→ BRIEF: Print out every line of the material exactly. Include no pictures.

→ EXERCISE INPUT:
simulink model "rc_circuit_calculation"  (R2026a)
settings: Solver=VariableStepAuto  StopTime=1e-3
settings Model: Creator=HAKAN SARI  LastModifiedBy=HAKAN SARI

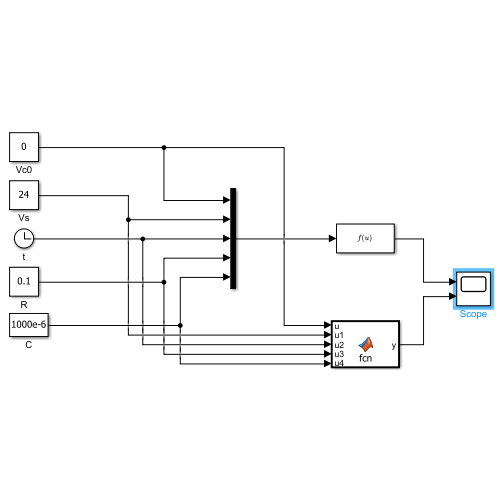
[thumbnail: Simulink's stored preview of the top-level diagram]
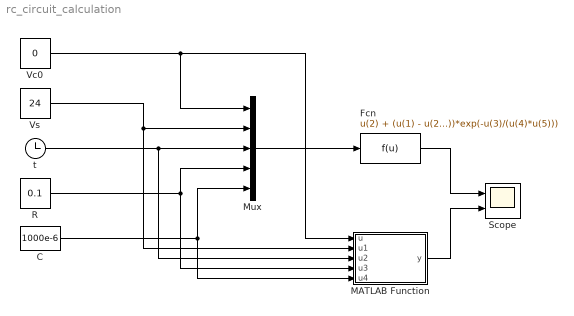
== system rc_circuit_calculation ==
  C : Constant  Value=1000e-6
  Fcn : Fcn  Expr=u(2) + (u(1) - u(2))*exp(-u(3)/(u(4)*u(5)))
  MATLAB Function : MATLAB Function  TreatAsAtomicUnit=on
  Mux : Mux  Inputs=5
  R : Constant  Value=0.1
  Scope : Scope  NumInputPorts=2
      settings: ActiveDisplayYMinimum=-3.4070121951219541  ActiveDisplayYMaximum=28.092987804878053
  Vc0 : Constant  Value=0
  Vs : Constant  Value=24
  t : Clock
  wires:
  Mux/1 -> Fcn/1
  Vc0/1 -> MATLAB Function/1(u), Mux/1
  Vs/1 -> MATLAB Function/2(u1), Mux/2
  t/1 -> MATLAB Function/3(u2), Mux/3
  R/1 -> MATLAB Function/4(u3), Mux/4
  C/1 -> MATLAB Function/5(u4), Mux/5
  Fcn/1 -> Scope/1
  MATLAB Function/1(y) -> Scope/2

== matlab function rc_circuit_calculation/MATLAB Function ==
  data: u input; y output; u1 input; u2 input; u3 input; u4 input
function y = fcn(u, u1, u2, u3, u4)

y = u1+(u-u1)*exp(-u2/(u3*u4));

→ EXERCISE RESULT:
simulink model "rc_circuit_calculation"  (R2026a)
settings: Solver=VariableStepAuto  StopTime=1e-3
settings Model: Creator=HAKAN SARI  LastModifiedBy=HAKAN SARI

[thumbnail: Simulink's stored preview of the top-level diagram]
== system rc_circuit_calculation ==
  C : Constant  Value=1000e-6
  Fcn : Fcn  Expr=u(2) + (u(1) - u(2))*exp(-u(3)/(u(4)*u(5)))
  MATLAB Function : MATLAB Function  TreatAsAtomicUnit=on
  Mux : Mux  Inputs=5
  R : Constant  Value=0.1
  Scope : Scope  NumInputPorts=2
      settings: ActiveDisplayYMinimum=-3.4070121951219541  ActiveDisplayYMaximum=28.092987804878053
  Vc0 : Constant  Value=0
  Vs : Constant  Value=24
  t : Clock
  wires:
  Mux/1 -> Fcn/1
  Vc0/1 -> MATLAB Function/1(u), Mux/1
  Vs/1 -> MATLAB Function/2(u1), Mux/2
  t/1 -> MATLAB Function/3(u2), Mux/3
  R/1 -> MATLAB Function/4(u3), Mux/4
  C/1 -> MATLAB Function/5(u4), Mux/5
  Fcn/1 -> Scope/1
  MATLAB Function/1(y) -> Scope/2

== matlab function rc_circuit_calculation/MATLAB Function ==
  data: u input; y output; u1 input; u2 input; u3 input; u4 input
function y = fcn(u, u1, u2, u3, u4)

y = u1+(u-u1)*exp(-u2/(u3*u4));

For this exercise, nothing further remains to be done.